THE PROBLEM:
Provide again, from the entries below, every line from the one containing "for name, color, linetype" through the one containing "doc.layers.add(name, color=color, linetype=linetype)", exactly as written, and no other line.

Source data

..............................

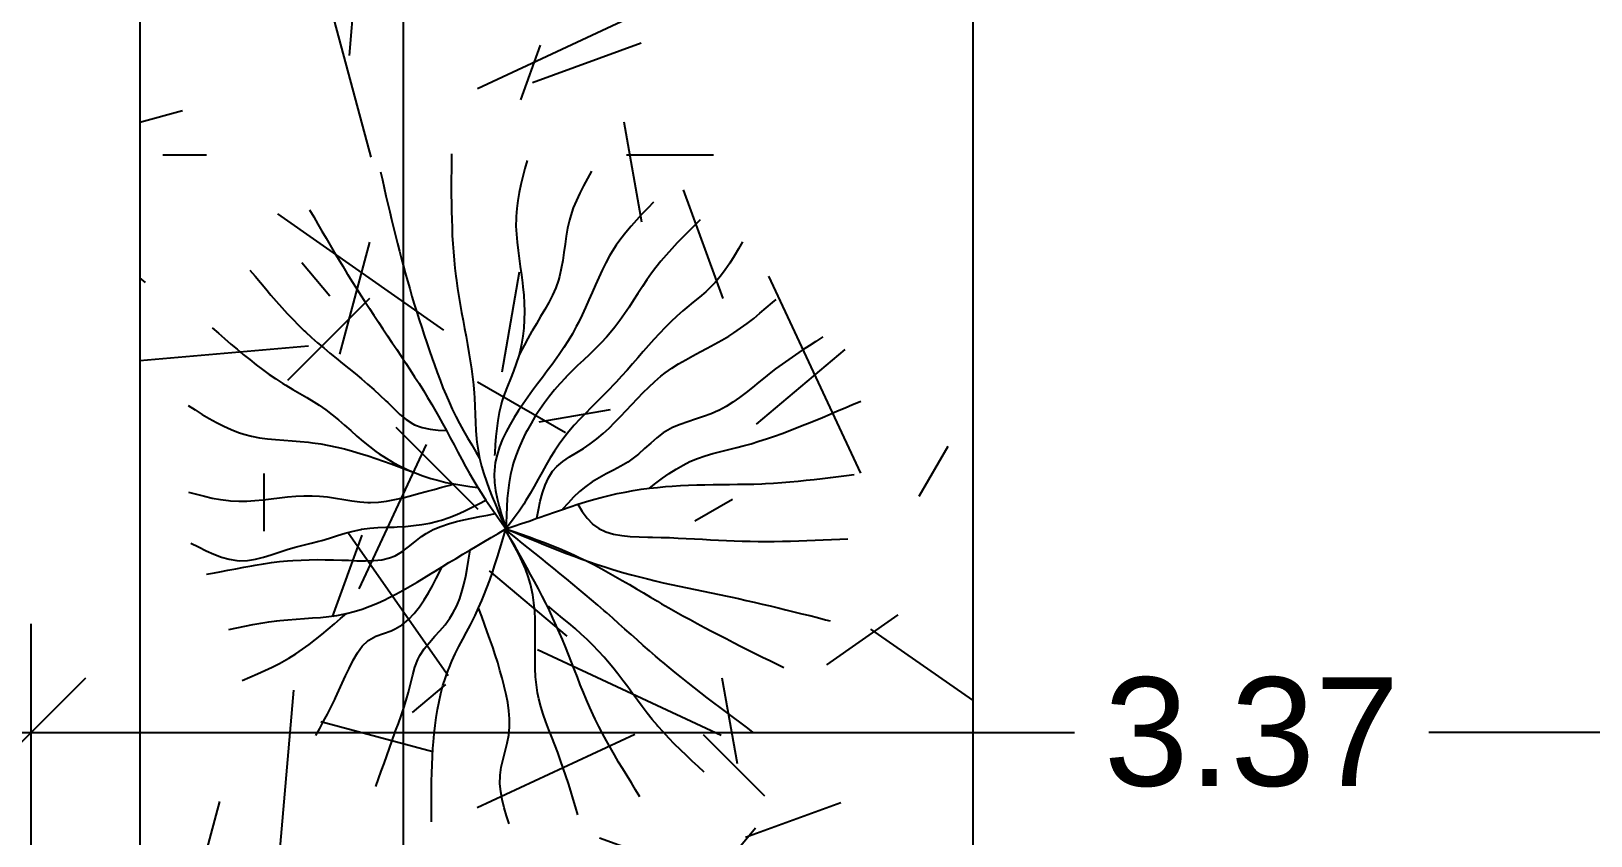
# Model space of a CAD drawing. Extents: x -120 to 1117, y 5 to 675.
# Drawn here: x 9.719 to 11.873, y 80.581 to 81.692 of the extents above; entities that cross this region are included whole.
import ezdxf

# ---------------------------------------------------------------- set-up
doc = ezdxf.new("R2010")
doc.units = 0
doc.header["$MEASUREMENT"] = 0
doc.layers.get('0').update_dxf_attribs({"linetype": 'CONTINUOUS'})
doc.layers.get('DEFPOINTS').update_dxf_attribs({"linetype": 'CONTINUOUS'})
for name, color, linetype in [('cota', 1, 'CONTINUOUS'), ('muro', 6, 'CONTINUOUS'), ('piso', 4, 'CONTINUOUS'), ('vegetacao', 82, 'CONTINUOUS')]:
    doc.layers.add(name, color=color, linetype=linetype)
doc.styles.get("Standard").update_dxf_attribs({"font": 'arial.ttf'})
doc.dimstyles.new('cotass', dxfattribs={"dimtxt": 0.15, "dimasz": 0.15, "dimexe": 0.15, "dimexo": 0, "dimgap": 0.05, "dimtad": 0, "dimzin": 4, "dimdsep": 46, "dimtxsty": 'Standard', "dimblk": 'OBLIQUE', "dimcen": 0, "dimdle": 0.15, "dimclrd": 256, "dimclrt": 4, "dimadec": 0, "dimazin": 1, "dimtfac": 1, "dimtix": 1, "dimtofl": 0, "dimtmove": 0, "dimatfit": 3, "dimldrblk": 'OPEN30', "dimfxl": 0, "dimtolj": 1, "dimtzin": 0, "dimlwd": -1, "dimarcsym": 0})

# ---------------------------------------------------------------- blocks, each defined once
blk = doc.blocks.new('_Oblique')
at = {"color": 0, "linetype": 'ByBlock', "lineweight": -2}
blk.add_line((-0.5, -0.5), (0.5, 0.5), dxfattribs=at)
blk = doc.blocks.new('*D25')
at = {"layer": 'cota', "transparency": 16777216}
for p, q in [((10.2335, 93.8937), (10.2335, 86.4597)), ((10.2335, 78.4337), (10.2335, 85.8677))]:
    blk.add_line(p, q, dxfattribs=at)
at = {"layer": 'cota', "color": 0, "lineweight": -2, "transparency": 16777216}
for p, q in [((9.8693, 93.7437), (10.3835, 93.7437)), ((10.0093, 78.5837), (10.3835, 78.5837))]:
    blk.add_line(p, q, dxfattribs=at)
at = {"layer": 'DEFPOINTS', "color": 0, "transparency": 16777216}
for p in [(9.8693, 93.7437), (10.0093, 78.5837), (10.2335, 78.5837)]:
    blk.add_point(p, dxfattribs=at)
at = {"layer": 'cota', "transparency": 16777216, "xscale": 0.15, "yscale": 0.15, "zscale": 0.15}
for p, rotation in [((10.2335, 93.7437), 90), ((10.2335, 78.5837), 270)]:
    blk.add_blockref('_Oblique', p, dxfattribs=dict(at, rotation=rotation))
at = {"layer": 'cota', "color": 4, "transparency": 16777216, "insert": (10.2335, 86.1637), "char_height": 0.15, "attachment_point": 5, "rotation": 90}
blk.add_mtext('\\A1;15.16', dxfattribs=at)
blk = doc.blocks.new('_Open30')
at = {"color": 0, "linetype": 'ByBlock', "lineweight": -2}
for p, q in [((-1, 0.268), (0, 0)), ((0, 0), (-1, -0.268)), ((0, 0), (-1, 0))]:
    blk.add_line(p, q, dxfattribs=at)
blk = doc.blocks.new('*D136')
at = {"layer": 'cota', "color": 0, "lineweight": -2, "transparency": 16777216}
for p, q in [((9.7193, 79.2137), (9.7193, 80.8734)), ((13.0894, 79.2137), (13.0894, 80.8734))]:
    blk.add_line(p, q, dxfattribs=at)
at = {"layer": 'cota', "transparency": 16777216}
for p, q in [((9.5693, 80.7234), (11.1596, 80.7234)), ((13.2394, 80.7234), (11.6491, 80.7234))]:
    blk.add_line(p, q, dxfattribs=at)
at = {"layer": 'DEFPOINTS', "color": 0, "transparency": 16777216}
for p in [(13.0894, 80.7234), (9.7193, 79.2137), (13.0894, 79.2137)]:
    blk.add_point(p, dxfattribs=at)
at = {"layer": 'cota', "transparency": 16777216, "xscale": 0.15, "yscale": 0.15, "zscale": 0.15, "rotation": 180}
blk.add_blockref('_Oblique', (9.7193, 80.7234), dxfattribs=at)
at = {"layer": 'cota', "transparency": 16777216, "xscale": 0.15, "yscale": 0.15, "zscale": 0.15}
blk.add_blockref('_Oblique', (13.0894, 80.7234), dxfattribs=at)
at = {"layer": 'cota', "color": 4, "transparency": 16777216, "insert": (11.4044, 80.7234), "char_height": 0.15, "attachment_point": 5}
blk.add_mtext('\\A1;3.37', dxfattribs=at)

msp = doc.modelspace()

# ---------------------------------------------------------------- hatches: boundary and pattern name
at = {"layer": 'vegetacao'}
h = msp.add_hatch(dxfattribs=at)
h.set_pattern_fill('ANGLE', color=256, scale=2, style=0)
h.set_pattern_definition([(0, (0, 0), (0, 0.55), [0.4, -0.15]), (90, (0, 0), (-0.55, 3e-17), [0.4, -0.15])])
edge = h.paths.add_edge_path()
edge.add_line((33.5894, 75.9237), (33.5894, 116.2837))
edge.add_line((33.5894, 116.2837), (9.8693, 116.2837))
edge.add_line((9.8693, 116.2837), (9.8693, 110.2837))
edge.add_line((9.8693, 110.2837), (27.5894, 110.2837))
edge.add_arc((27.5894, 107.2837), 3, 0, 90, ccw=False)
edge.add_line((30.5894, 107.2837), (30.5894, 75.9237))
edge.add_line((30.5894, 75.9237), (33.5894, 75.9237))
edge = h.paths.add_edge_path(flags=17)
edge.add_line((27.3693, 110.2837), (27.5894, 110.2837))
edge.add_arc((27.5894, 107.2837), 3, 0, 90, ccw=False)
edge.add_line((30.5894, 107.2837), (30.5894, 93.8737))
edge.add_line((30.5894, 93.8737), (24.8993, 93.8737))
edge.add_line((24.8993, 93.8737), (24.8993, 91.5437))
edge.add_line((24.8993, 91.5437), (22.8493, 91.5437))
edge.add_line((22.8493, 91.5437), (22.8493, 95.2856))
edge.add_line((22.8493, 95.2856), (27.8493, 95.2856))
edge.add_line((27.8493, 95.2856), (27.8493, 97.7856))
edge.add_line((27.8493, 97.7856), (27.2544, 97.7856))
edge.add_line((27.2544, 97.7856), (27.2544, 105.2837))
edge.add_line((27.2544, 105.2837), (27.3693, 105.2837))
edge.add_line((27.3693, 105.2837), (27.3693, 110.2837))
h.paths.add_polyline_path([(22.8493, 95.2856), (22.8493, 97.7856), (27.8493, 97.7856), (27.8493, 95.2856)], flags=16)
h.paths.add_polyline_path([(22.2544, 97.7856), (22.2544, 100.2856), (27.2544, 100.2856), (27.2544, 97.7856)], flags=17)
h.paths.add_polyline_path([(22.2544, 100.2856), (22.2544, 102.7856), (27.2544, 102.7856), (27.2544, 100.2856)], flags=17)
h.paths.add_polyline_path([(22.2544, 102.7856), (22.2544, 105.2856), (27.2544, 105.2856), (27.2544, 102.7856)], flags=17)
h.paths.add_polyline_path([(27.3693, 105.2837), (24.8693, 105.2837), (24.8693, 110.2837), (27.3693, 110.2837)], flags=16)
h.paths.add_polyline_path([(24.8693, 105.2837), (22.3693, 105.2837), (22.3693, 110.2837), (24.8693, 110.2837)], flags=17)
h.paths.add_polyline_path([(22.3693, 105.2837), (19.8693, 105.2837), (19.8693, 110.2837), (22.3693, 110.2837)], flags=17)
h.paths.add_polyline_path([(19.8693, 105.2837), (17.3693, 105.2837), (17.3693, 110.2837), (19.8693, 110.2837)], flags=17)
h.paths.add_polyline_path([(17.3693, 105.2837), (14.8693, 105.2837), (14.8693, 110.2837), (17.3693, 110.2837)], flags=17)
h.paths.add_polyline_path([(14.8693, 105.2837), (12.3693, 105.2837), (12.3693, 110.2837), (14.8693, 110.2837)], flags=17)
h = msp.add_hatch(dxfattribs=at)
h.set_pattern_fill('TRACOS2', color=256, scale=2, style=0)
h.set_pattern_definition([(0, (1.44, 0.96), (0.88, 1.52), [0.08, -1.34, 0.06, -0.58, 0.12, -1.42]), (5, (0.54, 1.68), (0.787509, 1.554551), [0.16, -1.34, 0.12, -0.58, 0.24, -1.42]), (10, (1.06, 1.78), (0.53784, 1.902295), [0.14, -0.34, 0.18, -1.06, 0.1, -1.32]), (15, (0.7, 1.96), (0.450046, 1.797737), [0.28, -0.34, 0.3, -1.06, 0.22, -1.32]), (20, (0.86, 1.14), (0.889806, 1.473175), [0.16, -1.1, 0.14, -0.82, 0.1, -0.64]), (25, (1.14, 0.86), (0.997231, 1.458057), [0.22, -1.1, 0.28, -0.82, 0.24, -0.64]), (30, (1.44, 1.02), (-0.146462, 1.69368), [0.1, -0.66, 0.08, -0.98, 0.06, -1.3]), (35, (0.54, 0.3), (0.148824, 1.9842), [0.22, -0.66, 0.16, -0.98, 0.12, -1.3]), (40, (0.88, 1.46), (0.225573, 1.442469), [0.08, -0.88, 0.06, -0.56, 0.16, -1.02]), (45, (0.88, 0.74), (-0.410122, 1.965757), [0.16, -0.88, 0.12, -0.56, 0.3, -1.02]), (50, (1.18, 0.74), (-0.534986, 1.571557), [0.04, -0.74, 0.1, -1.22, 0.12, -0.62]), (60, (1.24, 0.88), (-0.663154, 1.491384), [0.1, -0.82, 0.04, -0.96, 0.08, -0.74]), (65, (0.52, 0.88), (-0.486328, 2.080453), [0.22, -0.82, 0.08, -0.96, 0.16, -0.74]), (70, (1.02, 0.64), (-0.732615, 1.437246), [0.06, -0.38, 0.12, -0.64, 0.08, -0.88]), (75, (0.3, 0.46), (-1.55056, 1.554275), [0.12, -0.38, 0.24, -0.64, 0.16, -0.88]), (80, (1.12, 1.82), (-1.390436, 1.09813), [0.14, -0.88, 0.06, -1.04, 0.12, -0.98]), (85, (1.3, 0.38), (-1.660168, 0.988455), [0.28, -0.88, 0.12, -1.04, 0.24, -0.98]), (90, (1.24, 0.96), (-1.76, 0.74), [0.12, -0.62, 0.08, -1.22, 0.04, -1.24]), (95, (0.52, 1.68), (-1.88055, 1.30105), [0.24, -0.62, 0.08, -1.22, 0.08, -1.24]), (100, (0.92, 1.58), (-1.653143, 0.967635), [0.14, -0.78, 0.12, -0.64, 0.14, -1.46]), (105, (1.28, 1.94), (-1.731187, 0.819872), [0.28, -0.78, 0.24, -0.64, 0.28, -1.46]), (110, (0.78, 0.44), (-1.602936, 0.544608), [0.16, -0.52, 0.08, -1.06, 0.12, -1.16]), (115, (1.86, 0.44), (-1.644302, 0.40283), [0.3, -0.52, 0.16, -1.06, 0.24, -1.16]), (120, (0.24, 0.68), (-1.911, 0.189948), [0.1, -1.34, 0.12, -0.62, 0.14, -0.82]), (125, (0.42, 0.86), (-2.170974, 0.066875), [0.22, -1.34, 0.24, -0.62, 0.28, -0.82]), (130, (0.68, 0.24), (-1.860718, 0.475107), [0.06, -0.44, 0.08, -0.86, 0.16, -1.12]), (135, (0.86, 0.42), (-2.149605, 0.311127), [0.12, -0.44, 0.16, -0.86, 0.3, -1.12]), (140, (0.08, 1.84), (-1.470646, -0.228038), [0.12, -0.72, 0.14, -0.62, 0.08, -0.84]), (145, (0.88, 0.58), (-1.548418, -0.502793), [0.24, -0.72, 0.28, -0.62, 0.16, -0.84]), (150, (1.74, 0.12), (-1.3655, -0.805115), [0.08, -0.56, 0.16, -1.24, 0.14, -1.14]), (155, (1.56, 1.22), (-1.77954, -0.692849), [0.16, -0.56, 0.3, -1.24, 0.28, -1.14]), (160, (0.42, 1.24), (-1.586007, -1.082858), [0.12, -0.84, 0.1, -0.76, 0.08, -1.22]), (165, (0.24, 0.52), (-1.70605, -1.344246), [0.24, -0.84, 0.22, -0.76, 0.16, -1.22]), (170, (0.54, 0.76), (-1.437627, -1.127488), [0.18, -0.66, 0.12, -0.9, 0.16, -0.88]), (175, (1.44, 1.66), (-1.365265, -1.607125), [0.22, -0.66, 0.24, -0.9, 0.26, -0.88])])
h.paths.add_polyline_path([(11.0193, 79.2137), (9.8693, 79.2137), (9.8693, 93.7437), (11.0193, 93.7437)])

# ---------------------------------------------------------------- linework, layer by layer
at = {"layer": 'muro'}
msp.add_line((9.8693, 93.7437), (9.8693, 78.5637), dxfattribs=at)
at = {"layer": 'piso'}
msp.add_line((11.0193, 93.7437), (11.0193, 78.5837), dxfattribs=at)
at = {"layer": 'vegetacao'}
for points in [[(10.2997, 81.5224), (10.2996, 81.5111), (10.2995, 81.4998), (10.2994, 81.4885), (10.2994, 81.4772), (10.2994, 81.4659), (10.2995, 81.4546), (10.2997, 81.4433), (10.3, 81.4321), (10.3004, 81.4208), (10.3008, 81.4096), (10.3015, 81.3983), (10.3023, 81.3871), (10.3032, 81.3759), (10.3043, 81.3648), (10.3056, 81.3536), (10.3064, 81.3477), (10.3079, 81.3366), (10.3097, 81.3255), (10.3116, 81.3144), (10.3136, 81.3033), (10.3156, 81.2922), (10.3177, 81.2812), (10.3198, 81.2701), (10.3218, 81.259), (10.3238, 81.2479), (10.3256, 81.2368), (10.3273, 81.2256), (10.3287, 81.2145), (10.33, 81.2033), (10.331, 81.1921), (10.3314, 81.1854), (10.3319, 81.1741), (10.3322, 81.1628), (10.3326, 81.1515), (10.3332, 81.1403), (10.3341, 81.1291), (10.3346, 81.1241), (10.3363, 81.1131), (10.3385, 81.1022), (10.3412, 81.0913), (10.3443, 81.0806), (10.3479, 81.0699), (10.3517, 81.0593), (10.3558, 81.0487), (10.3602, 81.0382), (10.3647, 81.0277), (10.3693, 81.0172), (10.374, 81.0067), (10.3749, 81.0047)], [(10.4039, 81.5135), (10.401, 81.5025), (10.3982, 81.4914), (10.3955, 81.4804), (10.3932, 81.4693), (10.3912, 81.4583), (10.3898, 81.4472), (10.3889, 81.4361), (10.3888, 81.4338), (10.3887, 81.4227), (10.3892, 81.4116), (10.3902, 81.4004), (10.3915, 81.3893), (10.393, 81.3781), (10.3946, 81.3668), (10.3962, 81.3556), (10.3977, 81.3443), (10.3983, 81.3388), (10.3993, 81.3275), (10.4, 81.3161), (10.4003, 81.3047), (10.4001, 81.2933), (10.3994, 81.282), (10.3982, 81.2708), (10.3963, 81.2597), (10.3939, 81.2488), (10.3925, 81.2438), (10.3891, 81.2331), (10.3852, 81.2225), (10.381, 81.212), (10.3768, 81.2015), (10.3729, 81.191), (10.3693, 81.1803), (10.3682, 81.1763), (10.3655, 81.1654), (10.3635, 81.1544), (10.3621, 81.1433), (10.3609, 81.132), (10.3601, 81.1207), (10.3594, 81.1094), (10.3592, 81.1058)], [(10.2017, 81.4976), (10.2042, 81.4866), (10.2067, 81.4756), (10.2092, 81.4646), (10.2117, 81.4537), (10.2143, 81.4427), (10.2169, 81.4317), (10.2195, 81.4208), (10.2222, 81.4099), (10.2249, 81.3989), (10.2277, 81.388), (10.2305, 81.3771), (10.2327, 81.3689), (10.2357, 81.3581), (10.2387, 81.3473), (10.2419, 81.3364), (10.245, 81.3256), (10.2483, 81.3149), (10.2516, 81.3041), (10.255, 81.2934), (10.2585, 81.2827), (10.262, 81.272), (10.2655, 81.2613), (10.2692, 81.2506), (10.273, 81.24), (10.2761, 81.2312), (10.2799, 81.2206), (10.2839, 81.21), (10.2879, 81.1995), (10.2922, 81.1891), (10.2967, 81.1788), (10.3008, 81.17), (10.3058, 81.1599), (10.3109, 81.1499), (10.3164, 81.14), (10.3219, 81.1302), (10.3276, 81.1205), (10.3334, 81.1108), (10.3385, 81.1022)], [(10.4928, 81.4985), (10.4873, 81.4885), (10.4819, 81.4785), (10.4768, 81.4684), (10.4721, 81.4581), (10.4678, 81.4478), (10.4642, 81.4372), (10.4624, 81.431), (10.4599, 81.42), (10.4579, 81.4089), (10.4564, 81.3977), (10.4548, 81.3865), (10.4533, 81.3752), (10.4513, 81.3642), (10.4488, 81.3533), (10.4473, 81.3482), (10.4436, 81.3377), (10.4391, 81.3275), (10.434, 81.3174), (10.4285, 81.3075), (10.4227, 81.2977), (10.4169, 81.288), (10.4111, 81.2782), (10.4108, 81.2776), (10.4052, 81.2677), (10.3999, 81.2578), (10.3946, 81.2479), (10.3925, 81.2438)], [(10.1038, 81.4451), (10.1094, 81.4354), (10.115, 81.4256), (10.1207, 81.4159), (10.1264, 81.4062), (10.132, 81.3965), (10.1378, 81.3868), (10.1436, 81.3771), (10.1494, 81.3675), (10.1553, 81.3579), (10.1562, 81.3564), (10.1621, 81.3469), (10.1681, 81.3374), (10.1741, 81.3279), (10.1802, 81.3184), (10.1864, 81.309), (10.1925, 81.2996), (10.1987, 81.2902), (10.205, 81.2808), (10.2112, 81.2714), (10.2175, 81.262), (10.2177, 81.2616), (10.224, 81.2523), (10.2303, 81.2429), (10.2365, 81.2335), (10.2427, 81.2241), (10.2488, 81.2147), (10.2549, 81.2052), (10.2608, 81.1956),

..............................

COMPLETED TASK:
for name, color, linetype in [('cota', 1, 'CONTINUOUS'), ('muro', 6, 'CONTINUOUS'), ('piso', 4, 'CONTINUOUS'), ('vegetacao', 82, 'CONTINUOUS')]:
    doc.layers.add(name, color=color, linetype=linetype)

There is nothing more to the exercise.